(Dataset records)
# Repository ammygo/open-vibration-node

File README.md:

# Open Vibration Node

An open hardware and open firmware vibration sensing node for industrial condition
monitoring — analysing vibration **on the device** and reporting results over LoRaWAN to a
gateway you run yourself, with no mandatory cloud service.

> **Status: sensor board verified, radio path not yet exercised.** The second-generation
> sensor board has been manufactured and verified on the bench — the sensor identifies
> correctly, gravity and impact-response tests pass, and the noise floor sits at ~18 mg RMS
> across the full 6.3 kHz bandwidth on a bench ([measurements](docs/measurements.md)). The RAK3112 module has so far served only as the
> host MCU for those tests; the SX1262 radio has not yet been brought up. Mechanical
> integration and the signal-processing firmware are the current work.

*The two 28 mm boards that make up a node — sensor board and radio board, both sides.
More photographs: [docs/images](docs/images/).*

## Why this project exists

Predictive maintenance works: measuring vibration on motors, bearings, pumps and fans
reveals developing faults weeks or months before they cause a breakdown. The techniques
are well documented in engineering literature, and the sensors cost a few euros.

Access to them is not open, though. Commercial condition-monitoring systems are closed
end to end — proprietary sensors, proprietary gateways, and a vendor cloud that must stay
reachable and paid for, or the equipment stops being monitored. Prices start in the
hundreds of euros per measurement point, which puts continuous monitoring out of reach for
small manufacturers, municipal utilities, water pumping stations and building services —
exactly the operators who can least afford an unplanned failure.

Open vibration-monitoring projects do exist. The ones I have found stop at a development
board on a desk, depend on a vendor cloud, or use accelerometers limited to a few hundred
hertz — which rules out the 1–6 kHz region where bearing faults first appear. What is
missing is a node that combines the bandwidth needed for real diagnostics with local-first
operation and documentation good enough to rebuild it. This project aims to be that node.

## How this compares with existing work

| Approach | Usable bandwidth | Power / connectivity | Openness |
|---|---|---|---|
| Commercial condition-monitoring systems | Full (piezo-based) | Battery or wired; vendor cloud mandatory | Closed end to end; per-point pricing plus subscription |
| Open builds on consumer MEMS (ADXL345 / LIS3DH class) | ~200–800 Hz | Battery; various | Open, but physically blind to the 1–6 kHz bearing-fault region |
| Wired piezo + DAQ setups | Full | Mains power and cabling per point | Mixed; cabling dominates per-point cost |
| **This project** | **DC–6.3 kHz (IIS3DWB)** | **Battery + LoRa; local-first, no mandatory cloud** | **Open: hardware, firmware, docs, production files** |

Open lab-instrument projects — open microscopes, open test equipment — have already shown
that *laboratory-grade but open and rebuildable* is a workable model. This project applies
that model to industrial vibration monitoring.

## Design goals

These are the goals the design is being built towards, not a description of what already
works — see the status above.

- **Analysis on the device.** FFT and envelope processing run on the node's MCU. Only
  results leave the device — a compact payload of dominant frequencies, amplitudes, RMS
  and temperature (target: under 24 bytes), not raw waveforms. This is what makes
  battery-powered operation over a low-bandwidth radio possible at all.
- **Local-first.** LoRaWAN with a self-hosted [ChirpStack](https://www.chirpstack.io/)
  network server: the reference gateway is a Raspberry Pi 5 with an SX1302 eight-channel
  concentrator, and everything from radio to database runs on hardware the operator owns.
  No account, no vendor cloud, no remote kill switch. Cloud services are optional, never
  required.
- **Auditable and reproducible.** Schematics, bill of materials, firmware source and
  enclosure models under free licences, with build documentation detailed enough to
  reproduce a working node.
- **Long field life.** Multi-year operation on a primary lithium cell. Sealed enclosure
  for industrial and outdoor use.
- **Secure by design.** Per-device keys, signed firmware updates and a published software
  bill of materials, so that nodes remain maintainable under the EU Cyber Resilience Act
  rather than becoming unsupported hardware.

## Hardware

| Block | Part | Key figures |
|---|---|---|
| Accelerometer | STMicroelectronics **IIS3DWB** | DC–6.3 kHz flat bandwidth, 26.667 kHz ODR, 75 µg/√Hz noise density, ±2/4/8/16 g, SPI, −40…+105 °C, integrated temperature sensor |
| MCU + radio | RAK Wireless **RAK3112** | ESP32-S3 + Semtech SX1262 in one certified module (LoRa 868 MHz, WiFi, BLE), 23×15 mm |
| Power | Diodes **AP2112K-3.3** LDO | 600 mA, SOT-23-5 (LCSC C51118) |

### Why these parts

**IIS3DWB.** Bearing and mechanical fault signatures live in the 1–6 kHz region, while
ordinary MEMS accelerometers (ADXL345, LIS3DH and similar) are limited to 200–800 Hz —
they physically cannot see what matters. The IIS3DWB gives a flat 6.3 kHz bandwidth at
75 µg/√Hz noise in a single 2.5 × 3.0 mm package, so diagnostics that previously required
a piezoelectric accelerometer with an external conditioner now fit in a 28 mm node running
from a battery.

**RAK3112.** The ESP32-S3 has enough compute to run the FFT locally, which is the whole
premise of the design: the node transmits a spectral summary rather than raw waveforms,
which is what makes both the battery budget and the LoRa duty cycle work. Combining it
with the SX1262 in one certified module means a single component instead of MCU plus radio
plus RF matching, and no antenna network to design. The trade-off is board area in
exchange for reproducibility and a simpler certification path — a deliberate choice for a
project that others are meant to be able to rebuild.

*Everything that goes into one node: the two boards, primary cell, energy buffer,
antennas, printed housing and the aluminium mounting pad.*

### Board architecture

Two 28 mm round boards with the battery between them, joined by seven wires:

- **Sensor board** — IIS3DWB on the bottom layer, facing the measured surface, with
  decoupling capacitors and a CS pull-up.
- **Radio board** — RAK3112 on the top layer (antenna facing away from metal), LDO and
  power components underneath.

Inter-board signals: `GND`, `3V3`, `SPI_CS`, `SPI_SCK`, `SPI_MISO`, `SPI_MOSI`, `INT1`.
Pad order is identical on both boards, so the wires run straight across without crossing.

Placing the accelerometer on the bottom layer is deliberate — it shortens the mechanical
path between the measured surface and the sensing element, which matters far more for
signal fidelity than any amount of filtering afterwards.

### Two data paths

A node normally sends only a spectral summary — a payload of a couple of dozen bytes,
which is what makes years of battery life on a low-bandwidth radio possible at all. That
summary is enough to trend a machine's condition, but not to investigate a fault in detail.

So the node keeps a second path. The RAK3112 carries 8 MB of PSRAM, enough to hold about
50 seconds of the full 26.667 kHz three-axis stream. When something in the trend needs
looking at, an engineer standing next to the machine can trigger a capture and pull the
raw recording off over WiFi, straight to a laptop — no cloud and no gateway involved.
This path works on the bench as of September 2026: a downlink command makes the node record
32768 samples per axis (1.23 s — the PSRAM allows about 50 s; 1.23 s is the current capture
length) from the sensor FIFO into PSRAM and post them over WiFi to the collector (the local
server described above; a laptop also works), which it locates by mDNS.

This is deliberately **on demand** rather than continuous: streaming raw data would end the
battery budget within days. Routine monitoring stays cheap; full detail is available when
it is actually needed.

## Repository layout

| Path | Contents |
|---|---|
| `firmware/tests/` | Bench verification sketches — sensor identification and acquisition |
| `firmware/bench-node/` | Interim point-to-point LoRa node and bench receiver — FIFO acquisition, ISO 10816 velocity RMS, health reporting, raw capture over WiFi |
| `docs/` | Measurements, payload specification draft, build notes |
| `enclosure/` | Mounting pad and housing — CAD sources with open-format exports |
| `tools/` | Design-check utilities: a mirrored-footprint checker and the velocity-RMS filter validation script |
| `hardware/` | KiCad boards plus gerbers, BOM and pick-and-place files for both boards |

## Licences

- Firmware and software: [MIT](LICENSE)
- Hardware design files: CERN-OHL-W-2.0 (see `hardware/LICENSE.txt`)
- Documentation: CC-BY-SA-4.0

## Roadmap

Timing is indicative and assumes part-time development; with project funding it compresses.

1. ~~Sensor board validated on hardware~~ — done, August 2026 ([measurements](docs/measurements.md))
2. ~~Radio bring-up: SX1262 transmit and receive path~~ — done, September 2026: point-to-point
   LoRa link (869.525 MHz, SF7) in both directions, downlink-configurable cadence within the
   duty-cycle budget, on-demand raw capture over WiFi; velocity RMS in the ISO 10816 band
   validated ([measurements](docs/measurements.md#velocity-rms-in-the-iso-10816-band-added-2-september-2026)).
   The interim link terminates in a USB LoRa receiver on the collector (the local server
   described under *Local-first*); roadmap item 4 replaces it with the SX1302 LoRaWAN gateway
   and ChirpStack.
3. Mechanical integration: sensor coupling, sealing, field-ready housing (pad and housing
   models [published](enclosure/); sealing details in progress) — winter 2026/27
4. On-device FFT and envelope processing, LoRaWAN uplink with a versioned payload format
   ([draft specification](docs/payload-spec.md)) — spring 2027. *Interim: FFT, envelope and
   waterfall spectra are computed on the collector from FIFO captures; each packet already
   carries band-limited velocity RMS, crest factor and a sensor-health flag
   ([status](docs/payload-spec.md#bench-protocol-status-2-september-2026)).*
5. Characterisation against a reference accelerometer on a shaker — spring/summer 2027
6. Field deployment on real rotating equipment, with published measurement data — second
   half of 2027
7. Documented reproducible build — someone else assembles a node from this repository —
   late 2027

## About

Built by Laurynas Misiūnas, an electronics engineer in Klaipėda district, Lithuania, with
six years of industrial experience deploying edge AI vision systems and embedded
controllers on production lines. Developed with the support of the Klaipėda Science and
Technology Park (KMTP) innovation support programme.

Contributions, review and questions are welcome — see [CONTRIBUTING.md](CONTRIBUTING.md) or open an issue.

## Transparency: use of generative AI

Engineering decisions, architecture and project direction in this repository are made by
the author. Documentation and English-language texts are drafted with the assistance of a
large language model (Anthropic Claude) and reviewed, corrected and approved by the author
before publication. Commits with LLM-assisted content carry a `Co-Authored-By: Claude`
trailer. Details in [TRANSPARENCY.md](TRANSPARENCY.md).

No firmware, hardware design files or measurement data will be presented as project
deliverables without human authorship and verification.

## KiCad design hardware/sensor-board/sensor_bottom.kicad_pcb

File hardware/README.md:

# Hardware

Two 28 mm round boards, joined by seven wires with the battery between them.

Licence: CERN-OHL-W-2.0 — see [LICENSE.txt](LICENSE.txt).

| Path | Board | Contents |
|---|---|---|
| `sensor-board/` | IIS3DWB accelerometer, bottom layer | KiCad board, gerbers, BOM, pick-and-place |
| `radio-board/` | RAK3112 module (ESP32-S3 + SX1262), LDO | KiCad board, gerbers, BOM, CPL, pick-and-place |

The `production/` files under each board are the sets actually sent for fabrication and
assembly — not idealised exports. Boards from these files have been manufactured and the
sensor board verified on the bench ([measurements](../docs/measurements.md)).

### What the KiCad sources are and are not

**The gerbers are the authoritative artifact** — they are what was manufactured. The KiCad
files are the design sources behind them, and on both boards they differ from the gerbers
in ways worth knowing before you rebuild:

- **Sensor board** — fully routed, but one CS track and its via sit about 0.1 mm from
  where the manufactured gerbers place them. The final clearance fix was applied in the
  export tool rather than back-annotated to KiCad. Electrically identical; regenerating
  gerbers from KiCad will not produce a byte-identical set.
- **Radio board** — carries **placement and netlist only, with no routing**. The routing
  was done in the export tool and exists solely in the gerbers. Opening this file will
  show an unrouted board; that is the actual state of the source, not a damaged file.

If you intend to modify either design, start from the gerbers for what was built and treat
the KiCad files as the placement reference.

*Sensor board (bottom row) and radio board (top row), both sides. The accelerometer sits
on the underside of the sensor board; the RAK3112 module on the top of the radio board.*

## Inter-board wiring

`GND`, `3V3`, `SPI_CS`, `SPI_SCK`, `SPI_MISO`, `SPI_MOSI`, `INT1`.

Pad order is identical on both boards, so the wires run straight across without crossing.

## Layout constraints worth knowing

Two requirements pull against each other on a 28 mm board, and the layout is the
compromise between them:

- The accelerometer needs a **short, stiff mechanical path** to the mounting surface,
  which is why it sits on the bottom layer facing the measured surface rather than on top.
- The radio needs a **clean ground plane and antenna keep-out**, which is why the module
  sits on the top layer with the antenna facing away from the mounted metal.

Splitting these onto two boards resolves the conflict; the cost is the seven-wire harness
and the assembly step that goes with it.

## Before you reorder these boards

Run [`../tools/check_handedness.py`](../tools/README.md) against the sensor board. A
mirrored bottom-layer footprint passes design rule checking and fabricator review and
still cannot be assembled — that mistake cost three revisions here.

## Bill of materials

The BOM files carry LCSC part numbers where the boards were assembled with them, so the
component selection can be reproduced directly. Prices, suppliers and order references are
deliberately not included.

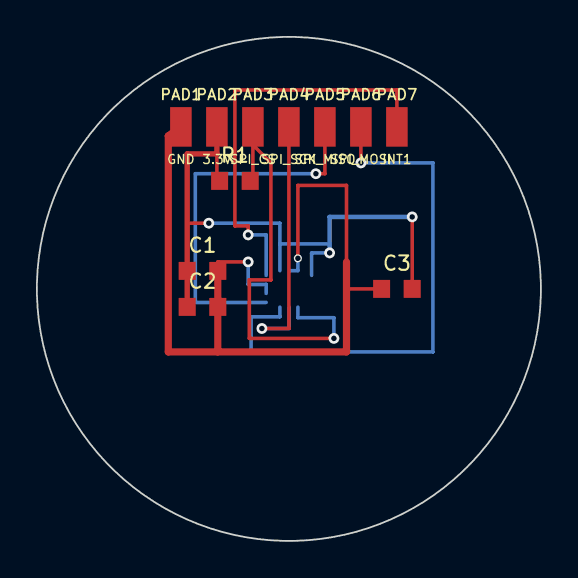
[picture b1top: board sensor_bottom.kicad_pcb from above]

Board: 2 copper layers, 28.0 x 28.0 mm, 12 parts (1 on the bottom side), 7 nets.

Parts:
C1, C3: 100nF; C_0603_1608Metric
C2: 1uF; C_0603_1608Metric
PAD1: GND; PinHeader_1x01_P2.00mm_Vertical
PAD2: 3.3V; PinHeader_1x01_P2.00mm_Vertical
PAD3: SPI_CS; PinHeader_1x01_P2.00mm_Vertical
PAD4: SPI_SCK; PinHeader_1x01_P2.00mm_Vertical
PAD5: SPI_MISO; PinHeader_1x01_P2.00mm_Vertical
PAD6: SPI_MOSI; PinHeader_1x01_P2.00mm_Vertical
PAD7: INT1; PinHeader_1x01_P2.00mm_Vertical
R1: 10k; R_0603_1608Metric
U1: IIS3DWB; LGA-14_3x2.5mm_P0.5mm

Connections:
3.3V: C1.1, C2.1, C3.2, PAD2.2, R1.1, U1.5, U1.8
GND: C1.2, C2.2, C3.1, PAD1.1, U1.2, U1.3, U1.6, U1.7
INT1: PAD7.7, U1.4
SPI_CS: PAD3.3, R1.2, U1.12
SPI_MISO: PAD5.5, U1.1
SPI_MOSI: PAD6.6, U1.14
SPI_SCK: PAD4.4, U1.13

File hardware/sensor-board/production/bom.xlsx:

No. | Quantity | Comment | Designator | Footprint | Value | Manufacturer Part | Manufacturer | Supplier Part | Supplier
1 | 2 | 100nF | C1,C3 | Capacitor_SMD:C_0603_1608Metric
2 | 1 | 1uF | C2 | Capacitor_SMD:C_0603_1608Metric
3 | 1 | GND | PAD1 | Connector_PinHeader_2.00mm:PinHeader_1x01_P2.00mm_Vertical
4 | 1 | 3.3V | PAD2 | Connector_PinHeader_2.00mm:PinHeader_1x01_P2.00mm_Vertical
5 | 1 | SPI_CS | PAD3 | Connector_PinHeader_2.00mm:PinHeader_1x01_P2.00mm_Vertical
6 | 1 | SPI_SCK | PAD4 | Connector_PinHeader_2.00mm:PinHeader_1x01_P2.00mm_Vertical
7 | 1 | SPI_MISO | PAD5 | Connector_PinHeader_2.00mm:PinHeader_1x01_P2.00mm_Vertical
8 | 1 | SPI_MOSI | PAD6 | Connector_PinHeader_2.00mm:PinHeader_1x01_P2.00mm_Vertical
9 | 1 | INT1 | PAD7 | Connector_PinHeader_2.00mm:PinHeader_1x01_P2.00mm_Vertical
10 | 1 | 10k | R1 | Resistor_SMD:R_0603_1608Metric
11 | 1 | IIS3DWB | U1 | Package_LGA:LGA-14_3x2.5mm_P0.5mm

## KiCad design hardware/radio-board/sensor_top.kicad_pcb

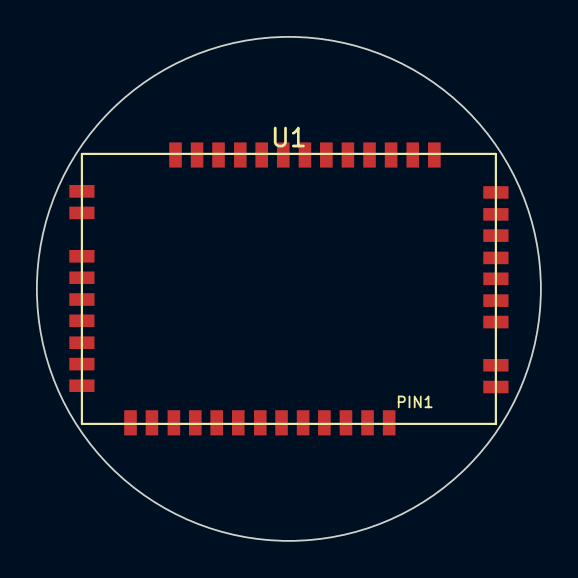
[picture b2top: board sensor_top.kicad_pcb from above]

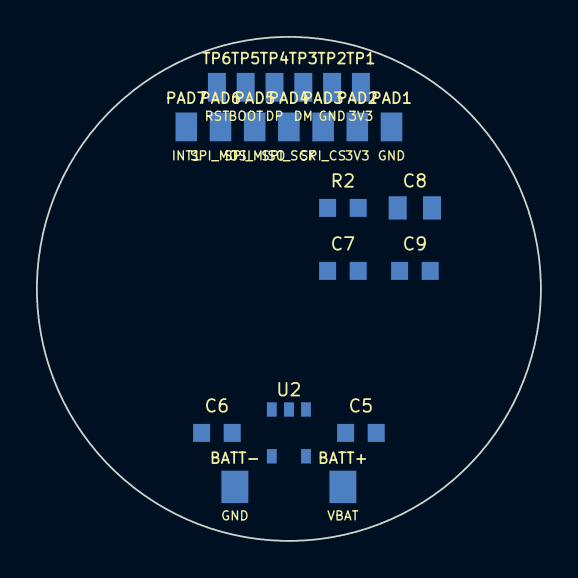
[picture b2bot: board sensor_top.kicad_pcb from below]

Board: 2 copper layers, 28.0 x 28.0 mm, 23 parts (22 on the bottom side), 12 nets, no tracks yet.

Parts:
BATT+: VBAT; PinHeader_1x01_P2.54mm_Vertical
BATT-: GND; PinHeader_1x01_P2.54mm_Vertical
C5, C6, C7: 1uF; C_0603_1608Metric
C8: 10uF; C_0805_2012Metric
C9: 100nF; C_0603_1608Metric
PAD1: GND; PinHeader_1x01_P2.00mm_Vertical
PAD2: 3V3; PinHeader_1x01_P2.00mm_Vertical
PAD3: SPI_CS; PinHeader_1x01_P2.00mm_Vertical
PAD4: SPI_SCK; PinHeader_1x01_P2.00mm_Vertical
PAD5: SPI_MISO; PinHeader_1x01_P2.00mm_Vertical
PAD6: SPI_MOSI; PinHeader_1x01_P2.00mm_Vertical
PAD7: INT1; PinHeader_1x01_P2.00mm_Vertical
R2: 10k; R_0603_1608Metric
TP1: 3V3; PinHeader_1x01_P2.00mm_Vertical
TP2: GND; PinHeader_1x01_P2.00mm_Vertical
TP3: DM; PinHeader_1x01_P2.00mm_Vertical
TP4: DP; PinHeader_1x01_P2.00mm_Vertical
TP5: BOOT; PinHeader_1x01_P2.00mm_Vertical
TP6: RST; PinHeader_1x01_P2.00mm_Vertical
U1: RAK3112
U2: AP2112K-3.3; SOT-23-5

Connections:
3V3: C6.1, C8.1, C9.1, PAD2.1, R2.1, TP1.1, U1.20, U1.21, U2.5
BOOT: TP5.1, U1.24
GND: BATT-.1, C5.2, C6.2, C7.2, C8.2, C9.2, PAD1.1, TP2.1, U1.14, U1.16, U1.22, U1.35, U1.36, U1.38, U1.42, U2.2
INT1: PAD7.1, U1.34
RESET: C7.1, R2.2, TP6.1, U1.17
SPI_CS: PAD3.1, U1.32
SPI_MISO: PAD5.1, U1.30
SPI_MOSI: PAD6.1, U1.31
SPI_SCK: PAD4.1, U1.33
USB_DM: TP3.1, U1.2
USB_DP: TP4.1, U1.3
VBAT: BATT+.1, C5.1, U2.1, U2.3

Problem details
Going through the records above line by line, tally those with the word "spring" and answer with the number only.

Task response
2